Islam & Science: The principles of Islamic faith 2/5
The presumed difficulty that Islam faces in its relationship with reason, was recently summarized, with great talent and large impact, by the famous lecture given by Pope Benedict XVI in Regensburg, on September the 18th, 2006, in front of an audience of “representatives of science” — the detail has its importance for the issue we are addressing here. In an attempt to propose a new vision to secularized Europe, the Holy Father explained what he considered the specific feature of Christianity. For him, it is not surprising that modern science and reasonable behaviours developed in countries where Christianity was predominant. As a matter of fact, this lecture triggered strong reactions in the Islamic world because Islam was used as a sort of counter-example, a religion in which the absence of reason and the presence of violence are interwoven.
According to the Pope, “For Muslim teaching, God is absolutely transcendent. His will is not bound up with any of our categories, even that of rationality.” After this Regensburg lecture, there were exchanges between the Islamic world and the Holy See, requests for apologies on one side, and statements that the lecture was misunderstood on the other side. Here, I would like to address the issue raised by the Holy Father very much where he left it, and to answer positively to the calls for dialogue that were eventually heard on both sides.
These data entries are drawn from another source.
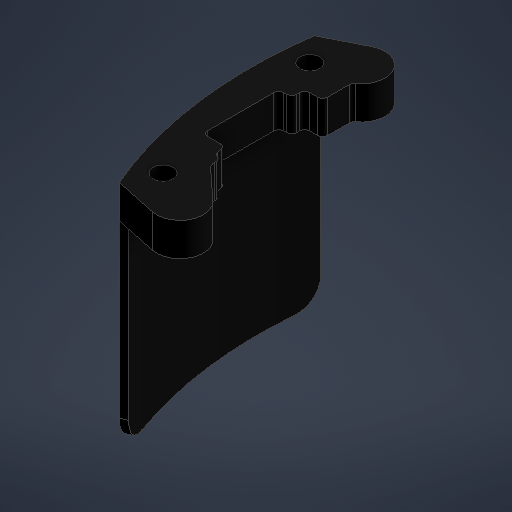
# Autodesk Inventor part: Abdeckung
Saved by Autodesk Inventor 2025.2 (Build 292293000, 293)
## iProperties
Created: 2025-03-12
Part Number: Abdeckung
Material: Generisch
Document SubType Name: Modeling
Designer: Faabs
Density: 1 g/cm^3
Appearance: Vorgabe
Author: Faabs
Autodesk Inventor part; units mm, degrees
ref_plane "YZ Plane" through (0, 0, 0) normal (1, 0, 0) x (0, 1, 0)
ref_plane "XZ Plane" through (0, 0, 0) normal (0, 1, 0) x (-1, 0, 0)
ref_plane "XY Plane" through (0, 0, 0) normal (0, 0, 1) x (1, 0, 0)
sketch "Skizze1" plane through (0, 0, 0) normal (0, 0, 1) x (1, 0, 0)
  circle A0 centre (0, 0) radius 88
  circle A1 centre (-82.6842, 7.2339) radius 2.1
  arc A2 (-78.002, 6.8243) -> (-73.5779, -26.7802) centre (0, 0) ccw
  circle A3 centre (-82.6842, 7.2339) radius 4.7
  circle A4 centre (-77.9945, -28.3877) radius 2.1
  circle A5 centre (-77.9945, -28.3877) radius 4.7
  circle A6 centre (0, 0) radius 78.3
  circle A7 centre (0, 0) radius 86.5
  arc A8 (-84.1729, 21.9984) -> (-86.4353, 9.8964) centre (0, 0) ccw
  line L0 (0, 0) -> (-82.0101, 11.8853)
  line L1 (-82.0101, 11.8853) -> (-87.0902, 12.6216)
  line L2 (0, 0) -> (-76.1395, -32.7061)
  line L3 (-76.1395, -32.7061) -> (-80.8559, -34.7321)
  line L4 (0, 0) -> (-82.828, 2.5361)
  line L5 (-82.828, 2.5361) -> (-87.9588, 2.6932)
  line L6 (0, 0) -> (-79.3493, -23.8872)
  line L7 (-79.3493, -23.8872) -> (-84.2646, -25.3669)
  line L8 (-78.3816, 80.7625) -> (-42.1157, 57.6586)
  line L9 (-42.1157, 57.6586) -> (-70.0553, 13.8022)
  line L10 (-70.0553, 13.8022) -> (-106.3212, 36.9061)
  line L11 (-106.3212, 36.9061) -> (-78.3816, 80.7625)
  line L12 (-56.0855, 35.7304) -> (-92.3514, 58.8343) construction
  line L13 (-64.096, -31.4636) -> (-25.7575, -66.5943)
  line L14 (-25.7575, -66.5943) -> (-54.8079, -98.2972)
  line L15 (-54.8079, -98.2972) -> (-93.1463, -63.1665)
  line L16 (-93.1463, -63.1665) -> (-64.096, -31.4636)
  line L17 (-47.7296, -52.0877) -> (-73.9771, -80.7319) construction
  arc A9 (-44.3621, 76) -> (44.3621, 76) centre (0, 0) ccw
  line L18 (13, 63) -> (-13, 63)
  line L19 (0, 63) -> (0, -88)
  line L20 (0, 0) -> (-56.0855, 35.7304) construction
  line L21 (0, 0) -> (-44.9267, -49.0289) construction
  line L22 (0, 0) -> (-88, 0)
  line L23 (0, 0) -> (-86.6631, 15.281) construction
  line L24 (0, 0) -> (-79.7551, -37.1904) construction
  circle A10 centre (0, 0) radius 83 construction
  line L25 (-63.2545, -17.7499) -> (-72.5045, -17.7499)
  arc A11 (-72.5045, -17.7499) -> (-74.5045, -19.7499) centre (-72.5045, -19.7499) ccw
  line L26 (-74.5045, -19.7499) -> (-74.5045, -21.0458)
  arc A12 (-74.5045, -21.0458) -> (-73.8556, -22.5204) centre (-72.5045, -21.0458) ccw
  line L27 (-73.8556, -22.5204) -> (-71.5045, -24.6748)
  line L28 (-71.5045, -24.6748) -> (-52.6253, -41.9744)
  arc A13 (-52.6253, -41.9744) -> (-51.2741, -42.4999) centre (-51.2741, -40.4999) ccw
  line L29 (-51.2741, -42.4999) -> (51.2741, -42.4999)
  arc A14 (51.2741, -42.4999) -> (52.6253, -41.9744) centre (51.2741, -40.4999) ccw
  line L30 (52.6253, -41.9744) -> (71.5045, -24.6748)
  line L31 (71.5045, -24.6748) -> (73.8557, -22.5204)
  arc A15 (73.8557, -22.5204) -> (74.5045, -21.0458) centre (72.5045, -21.0458) ccw
  line L32 (74.5045, -21.0458) -> (74.5045, -19.7499)
  arc A16 (74.5045, -19.7499) -> (72.5045, -17.7499) centre (72.5045, -19.7499) ccw
  line L33 (72.5045, -17.7499) -> (63.2545, -17.7499)
  arc A17 (61.2545, -15.7499) -> (63.2545, -17.7499) centre (63.2545, -15.7499) ccw
  line L34 (61.2545, -15.7499) -> (61.2545, -2.2499)
  arc A18 (63.2545, -0.2499) -> (61.2545, -2.2499) centre (63.2545, -2.2499) ccw
  line L35 (63.2545, -0.2499) -> (72.5045, -0.2499)
  arc A19 (72.5045, -0.2499) -> (74.5045, 1.7501) centre (72.5045, 1.7501) ccw
  line L36 (74.5045, 1.7501) -> (74.5045, 6.2357)
  arc A20 (74.5045, 6.2357) -> (74.1913, 7.3103) centre (72.5045, 6.2357) ccw
  line L37 (74.1913, 7.3103) -> (66.8685, 18.8046)
  line L38 (66.8685, 18.8046) -> (66.8312, 18.8625)
  line L39 (66.8312, 18.8625) -> (63.3633, 24.3061)
  line L40 (63.3633, 24.3061) -> (61.5013, 27.2292)
  arc A21 (61.5013, 27.2292) -> (61.4647, 27.2866) centre (58.5872, 25.413) ccw
  line L41 (61.4647, 27.2866) -> (59.6025, 30.21)
  line L42 (59.6025, 30.21) -> (59.5849, 30.2372)
  line L43 (59.5849, 30.2372) -> (52.3622, 41.5747)
  arc A22 (52.3622, 41.5747) -> (50.6754, 42.5001) centre (50.6754, 40.5001) ccw
  line L44 (50.6754, 42.5001) -> (34.4476, 42.5001)
  arc A23 (33.1728, 42.9591) -> (34.4476, 42.5001) centre (34.4477, 44.5002) ccw
  arc A24 (33.1728, 42.9591) -> (28.0733, 42.9591) centre (30.623, 39.877) ccw
  arc A25 (26.7984, 42.5001) -> (28.0733, 42.9591) centre (26.7984, 44.5002) ccw
  line L45 (26.7984, 42.5001) -> (-26.7984, 42.5001)
  arc A26 (-28.0733, 42.9591) -> (-26.7984, 42.5001) centre (-26.7984, 44.5002) ccw
  arc A27 (-28.0733, 42.9591) -> (-33.1728, 42.9591) centre (-30.623, 39.877) ccw
  arc A28 (-34.4476, 42.5001) -> (-33.1728, 42.9591) centre (-34.4477, 44.5002) ccw
  line L46 (-34.4476, 42.5001) -> (-50.6754, 42.5001)
  arc A29 (-50.6754, 42.5001) -> (-52.3622, 41.5747) centre (-50.6754, 40.5001) ccw
  line L47 (-52.3622, 41.5747) -> (-59.5849, 30.2372)
  line L48 (-59.5849, 30.2372) -> (-59.6025, 30.21)
  line L49 (-59.6025, 30.21) -> (-61.4647, 27.2866)
  arc A30 (-61.4647, 27.2866) -> (-61.5013, 27.2292) centre (-58.5191, 25.37) ccw
  line L50 (-61.5013, 27.2292) -> (-63.3633, 24.3061)
  line L51 (-63.3633, 24.3061) -> (-66.8312, 18.8625)
  line L52 (-66.8312, 18.8625) -> (-66.8685, 18.8046)
  line L53 (-66.8685, 18.8046) -> (-74.1912, 7.3103)
  arc A31 (-74.1912, 7.3103) -> (-74.5045, 6.2357) centre (-72.5045, 6.2357) ccw
  line L54 (-74.5045, 6.2357) -> (-74.5045, 1.7501)
  arc A32 (-74.5045, 1.7501) -> (-72.5045, -0.2499) centre (-72.5045, 1.7501) ccw
  line L55 (-72.5045, -0.2499) -> (-63.2545, -0.2499)
  arc A33 (-61.2545, -2.2499) -> (-63.2545, -0.2499) centre (-63.2545, -2.2499) ccw
  line L56 (-61.2545, -2.2499) -> (-61.2545, -15.7499)
  arc A34 (-63.2545, -17.7499) -> (-61.2545, -15.7499) centre (-63.2545, -15.7499) ccw
  line L57 (-82.6842, 7.2339) -> (-80.4481, 20.4232)
  circle A35 centre (-76.8409, 12.298) radius 4.9146
  circle A36 centre (-76.8409, 12.298) radius 4
  line L58 (-74.5045, 1.7501) -> (-78.2804, 1.7501)
  line L59 (-74.5045, -19.7499) -> (-75.7683, -19.7499)
  line L60 (-87.0902, 12.6216) -> (-79.059, 16.6835)
  line L61 (-77.9945, -28.3877) -> (-72.421, -40.5488)
  circle A37 centre (-71.0396, -31.7667) radius 4.9146
  circle A38 centre (-71.0396, -31.7667) radius 4
  line L62 (-80.8559, -34.7321) -> (-72.0471, -36.577)
  line L63 (-74.5045, 6.2357) -> (-74.5045, 10.7976)
  line L64 (-77.9945, -28.3877) -> (-73.2945, -28.3877)
  line L65 (-73.2945, -28.3877) -> (-73.2945, -31.484)
  line L66 (-73.2945, -28.3877) -> (-73.2945, -23.0346)
  point P0 (0, 0)
  point P1 (-85.6057, 12.4064)
  point P2 (-79.4777, -34.1401)
  point P3 (0, 0)
  point P4 (-74.9054, -43.26)
  point P5 (-83.5496, 22.399)
  point P6 (-86.1005, 12.4781)
  point P7 (-86.4122, 10.096)
  point P8 (-71.9434, -30.9037)
  point P9 (-77.4904, 11.2303)
  point P10 (-72.696, 9.6574)
  point P11 (-67.7194, -28.1432)
  point P12 (-67.103, -28.8245)
  point P13 (-74.5045, 7.9743)
  dimension "d0" = 9.4
  dimension "d1" = 173
  dimension "d8" = 52
  dimension "d9" = 43
  dimension "d10" = 43
  dimension "d11" = 52
  dimension "d12" = 66.5
  dimension "d13" = 90
  dimension "d14" = 90
  dimension "d15" = 90
  dimension "d16" = 90
  dimension "d17" = 90
  dimension "d18" = 90
  dimension "d19" = 90
  dimension "d20" = 66.5
  dimension "d21" = 26
  dimension "d22" = 47.5
  dimension "d23" = 32.5
  dimension "d139" = 10
  dimension "d140" = 25
  dimension "d156" = 8
  dimension "d157" = 8
  constraints: 134 end point, 73 point on circle, 37 centre point, 10 coincident, 10 point on line, 5 midpoint, 5 perpendicular, 5 tangent, 3 horizontal, 3 parallel, 2 vertical, 1 concentric, 16 other
  measures "d0" diameter of A5
  measures "d1" diameter of A7
  measures "d8" distance of L10.end L8.start
  measures "d9" distance of L9.end L10.end
  measures "d10" distance of L15.end L13.start
  measures "d11" distance of L14.end L15.end
  measures "d12" distance from line of L9 L20.start
  measures "d13" angle of L9 L20
  measures "d14" angle of L12 L9
  measures "d15" angle of L8 L9
  measures "d16" angle of L14 L13
  measures "d17" angle of L16 L13
  measures "d18" angle of L13 L17
  measures "d19" angle of L13 L21
  measures "d20" distance of L20.start L21.end
  measures "d21" distance between parallel lines of L20 L8
  measures "d22" angle of L22 L21
  measures "d23" angle of L22 L20
  measures "d139" angle of L22 L23
  measures "d140" angle of L24 L22
  measures "d156" diameter of A36
  measures "d157" diameter of A38
extrude "Extrusion1" add sketch "Skizze1" against normal blind 41 contours A0 L7 A7 A5 L3 | L1 A8 A3 A7 L5 A0 | A0 L22 A7 L7 | L5 A7 L22 A0 | L1 A7 A3 A8 | A5 A7 | A3 A7
extrude "Extrusion2" add sketch "Skizze1" along normal blind 7 contours A0 L7 A7 A5 L3 | L3 A7 L62 | L1 A8 A3 A7 L5 A0 | L60 A8 L1 | A0 L22 A7 L7 | L3 A5 L61 L62 A7 | A7 A5 L3 | L5 A7 L22 A0 | L1 A7 A3 A8 | A8 L60 A7 L1 | L60 L57 A3 L1 A7 | L7 A5 A7 | A7 L22 A2 L6 L7 | A7 A5 A37 L64 A4 L61 | A5 A7 | L61 A37 L62 | A37 L2 A38 A6 | A6 A38 L2 A37 | L54 L58 A2 L4 | L4 A2 A6 A35 L63 L54 | A12 L27 L66 A37 A6 A2 L6 | L6 A2 L59 L26 A12 | L5 L4 A2 L22 A7 | A7 A3 L5 | A3 A7 | L1 A3 A7 | L60 A35 L57 | A35 L0 A36 A6 | A6 A36 L0 A35 | L6 A2 A5 | L61 A4 L64 A37 A5 | A5 A37 L2 | L2 A37 L61 | A38 L2 A6 | A6 L2 A38 | A35 L63 A36 L0 | L2 A38 A6 L66 A37 | A37 L66 L27 L28 | L4 A3 A2 | A7 A3 A35 | A35 L0 L57 | A36 L0 A6 | A6 L0 A36 | A6 A37 A5 | A37 L64 A5 A38 | A5 A38 L2 A37 | L2 L65 A38 A6 | A6 A38 L2 | A38 A5 L65 L2 | A36 L63 L0 | A35 A6 A36 L63 | L66 A6 A37 | A3 A35 A6 | L0 A35 A3 | L0 A36 A3 A35 | L0 L63 A36 A6 | A6 A36 A3 L0 | A37 A6 L66 A5 | A5 L64 A37 | A38 A5 | A38 A5 L66 A6 | A35 A3 A36 A6 | A3 A36 A35 | A3 A36
sketch "Skizze7" plane through (0, 0, 7) normal (0, 0, 1) x (1, 0, 0)
  arc A0 (-75.2406, -20.5635) -> (-69.3003, -22.9246) centre (-71.3821, -19.509) ccw
  arc A1 (-77.999, 0.3892) -> (-75.2406, -20.5635) centre (0, 0) ccw
  arc A2 (-72.8723, 4.2072) -> (-77.999, 0.3892) centre (-73.9991, 0.3692) ccw
  arc A3 (-72.8723, 4.2072) -> (-61.6214, 8.4293) centre (-70.0553, 13.8022) ccw
  arc A4 (-73.0131, 3.7275) -> (-61.1997, 8.1606) centre (-70.0553, 13.8022) ccw
  arc A5 (-73.0131, 3.7275) -> (-77.499, 0.3867) centre (-73.9991, 0.3692) ccw
  arc A6 (-77.499, 0.3867) -> (-74.7582, -20.4317) centre (0, 0) ccw
  arc A7 (-74.7582, -20.4317) -> (-69.5605, -22.4976) centre (-71.3821, -19.509) ccw
  arc A8 (-57.0023, -23.7222) -> (-69.5605, -22.4976) centre (-64.096, -31.4636) ccw
  line L0 (-81.0045, -17) -> (-62.0045, -17)
  line L1 (-62.0045, -17) -> (-62.0045, -1)
  line L2 (-62.0045, -1) -> (-81.0045, -1)
  line L3 (-81.0045, -1) -> (-81.0045, -17)
  line L4 (-81.0045, -17) -> (-62.0045, -1) construction
  line L5 (-62.0045, -17) -> (-81.0045, -1) construction
  arc A9 (-75.2406, -20.5635) -> (-69.3003, -22.9246) centre (-71.3821, -19.509) ccw
  arc A10 (-77.999, 0.3892) -> (-75.2406, -20.5635) centre (0, 0) ccw
  arc A11 (-72.8723, 4.2072) -> (-77.999, 0.3892) centre (-73.9991, 0.3692) ccw
  arc A12 (-72.8723, 4.2072) -> (-61.6214, 8.4293) centre (-70.0553, 13.8022) ccw
  arc A13 (-73.0131, 3.7275) -> (-61.1997, 8.1606) centre (-70.0553, 13.8022) ccw
  arc A14 (-73.0131, 3.7275) -> (-77.499, 0.3867) centre (-73.9991, 0.3692) ccw
  arc A15 (-77.499, 0.3867) -> (-74.7582, -20.4317) centre (0, 0) ccw
  arc A16 (-74.7582, -20.4317) -> (-69.5605, -22.4976) centre (-71.3821, -19.509) ccw
  arc A17 (-57.0023, -23.7222) -> (-69.5605, -22.4976) centre (-64.096, -31.4636) ccw
  line L6 (0, 0) -> (-88, 0) construction
  line L7 (0, 0) -> (-70.4769, -25.6515) construction
  line L8 (0, 0) -> (-74.7146, 6.5367) construction
  circle A18 centre (-74.7146, 6.5367) radius 3
  line L9 (-74.7146, 6.5367) -> (-74.7146, -9.8771) construction
  line L10 (-78.7146, 6.5367) -> (-78.7146, -9.8771)
  line L11 (-70.7146, -9.8771) -> (-70.7146, 6.5367)
  arc A19 (-78.7146, -9.8771) -> (-70.7146, -9.8771) centre (-74.7146, -9.8771) ccw
  line L12 (-70.4769, -25.6515) -> (-70.4769, -13.0481) construction
  line L13 (-66.4769, -25.6515) -> (-66.4769, -13.0481)
  line L14 (-74.4769, -13.0481) -> (-74.4769, -25.6515)
  arc A20 (-66.4769, -13.0481) -> (-74.4769, -13.0481) centre (-70.4769, -13.0481) ccw
  point P0 (83.6944, 461.4718)
  point P1 (50.4138, 461.4718)
  point P2 (51.6944, 461.4718)
  point P3 (82.4138, 461.4718)
  point P4 (225.0044, 602.8331)
  point P5 (191.7237, 602.8331)
  point P6 (193.0044, 602.8331)
  point P7 (223.7237, 602.8331)
  point P8 (363.5869, 628.2091)
  point P9 (357.6097, 628.732)
  point P10 (362.0169, 595.2563)
  point P11 (367.655, 597.3084)
  point P12 (406.3129, 669.9339)
  point P13 (410.3051, 673.6839)
  point P14 (281.6601, 684.5107)
  point P15 (276.0219, 682.4586)
  point P16 (276.7768, 680.2764)
  point P17 (229.3797, 602.3331)
  point P18 (240.8641, 609.8331)
  point P19 (280.2544, 653.8611)
  point P20 (280.0901, 651.5579)
  point P21 (286.0672, 651.035)
  point P22 (286.3631, 657.444)
  point P23 (283.6046, 678.3966)
  point P24 (208.3641, 735.8331)
  point P25 (208.3641, 713.8331)
  point P26 (208.3641, 669.8331)
  point P27 (208.3641, 666.8331)
  point P28 (208.3641, 602.3331)
  point P29 (-74.7146, -1.6702)
  point P30 (-70.4769, -19.3498)
  point P31 (-61.892, 765.0568)
  point P32 (-53.892, 765.0568)
  point P33 (-66.1297, 787.0568)
  point P34 (-58.1297, 787.0568)
  point P35 (280.1559, 614.5868)
  point P36 (280.8975, 610.8357)
  point P37 (282.7456, 598.5868)
  dimension "d88" = 19
  dimension "d89" = 16
  dimension "d106" = 8
  dimension "d107" = 8
  constraints: 40 point on circle, 34 end point, 21 centre point, 5 parallel, 4 tangent, 3 coincident, 2 midpoint, 1 perpendicular, 6 other
  measures "d88" distance of L2.end L1.end
  measures "d89" distance of L1.end L0.end
  measures "d106" diameter of A19
  measures "d107" diameter of A20
extrude "Extrusion6" cut sketch "Skizze7" against normal blind 41 contours L0 L3 L2 L10 A19 A1 | A1 A19 A6 L0 | A19 L10 L2 A1 | A1 L2 A6 A19 | A6 A19 L14 L0 | L14 A19 L11 A20 L13 L0 | A6 L2 L11 A20 L14 A19 | L13 A20 L11 L2 L1 L0 | L14 A20 L11 A19
fillet "Rundung2" radius 1 9 edges at (-81.0045, -17, 3.5) (-81.0045, -1, 3.5) (-78.2936, -1, 3.5) (-78.2804, 1.7501, 3.5) (-74.5045, 1.7501, 3.5) (-76.4323, -17, 3.5) (-75.7683, -19.7499, 3.5) (-74.5045, -19.7499, 3.5) (-74.5045, 7.9743, 3.5)
fillet "Rundung3" radius 5 2 edges at (-86.3479, 12.514, -41) (-80.1668, -34.4361, -41)
equation "\"d10\" = d9"
equation "\"d11\" = d8"

As a matter of fact, I think the issue stems from the idea we have about God. When the Pope writes, after many other authors, “for Muslim teaching, God is absolutely transcendent”, he understands this sentence in the following way: “For Muslims, God is only transcendent”. Is the God of Islam different from the God of Christianity? It is not the Muslims’ opinion. For them, Allah, a word that etymologically means “The God”, is not the name of the Muslims’ God. It is the Arabic name of the One God, the God of all humanity, worshipped by Jews, Christians, and Muslims.
For Islam, as much as for Judaism and Christianity, God is absolutely transcendent and He is perfectly immanent too. It means that He cannot be known by any of our categories, and simultaneously, He is close to us, He acts in the world, He knows and loves us, He lets Him be known and be loved by us. As the Koran says, “Nothing is similar to Him, and He is the One who perfectly hears and knows.” God gathers aspects that are contradictory: “He is the First and the Last, the Apparent and the Hidden.” And “He is closer to us than our jugular vein.” This coexistence of these two aspects is necessary, in a monotheistic religion, to prevent our idea about God from becoming an idol. In Islamic terms, one would say that the tawhid, the statement of the Oneness of God, simultaneously requires the tanzih, the statement that God is like nothing else, and the tanshbih, the comparison of names, attributes and actions of God with those of the world. A God who is only transcendent is an abstract concept, and a God who is only immanent is nothing else than a form of cosmic energy.
One can readily understand that the issue of the intelligibility of God’s attributes and actions, and the extension of the domain where reason can apply to know religion and to know science, strongly depend on the balance between transcendence and immanence. It is true that extreme standpoints did exist in the Islamic thinking, in one direction or another. However, the main stream defended the simultaneous existence of these two aspects, and the fact that, immanence is possible because God is so transcendent that His transcendence is unaffected by His presence in the world, close to us.
God created the world. This sentence means that the world is not self-sufficient. The world may not have been there. But it actually is there, and the explanation provided by religions is that the being of the world is given by another Being, who is not “a being” like the others, but rather the action of being itself. God also revealed Himself in the world through specific moments in which infinity gets in contact with the finite, eternity with the temporal. These moments give birth to new religions that, in the Islamic perspective, are only new adaptations of the same universal truth to new peoples (and to the “languages” of these peoples). And God has a specific contact with each of the human beings, whom he cares after, and inspires.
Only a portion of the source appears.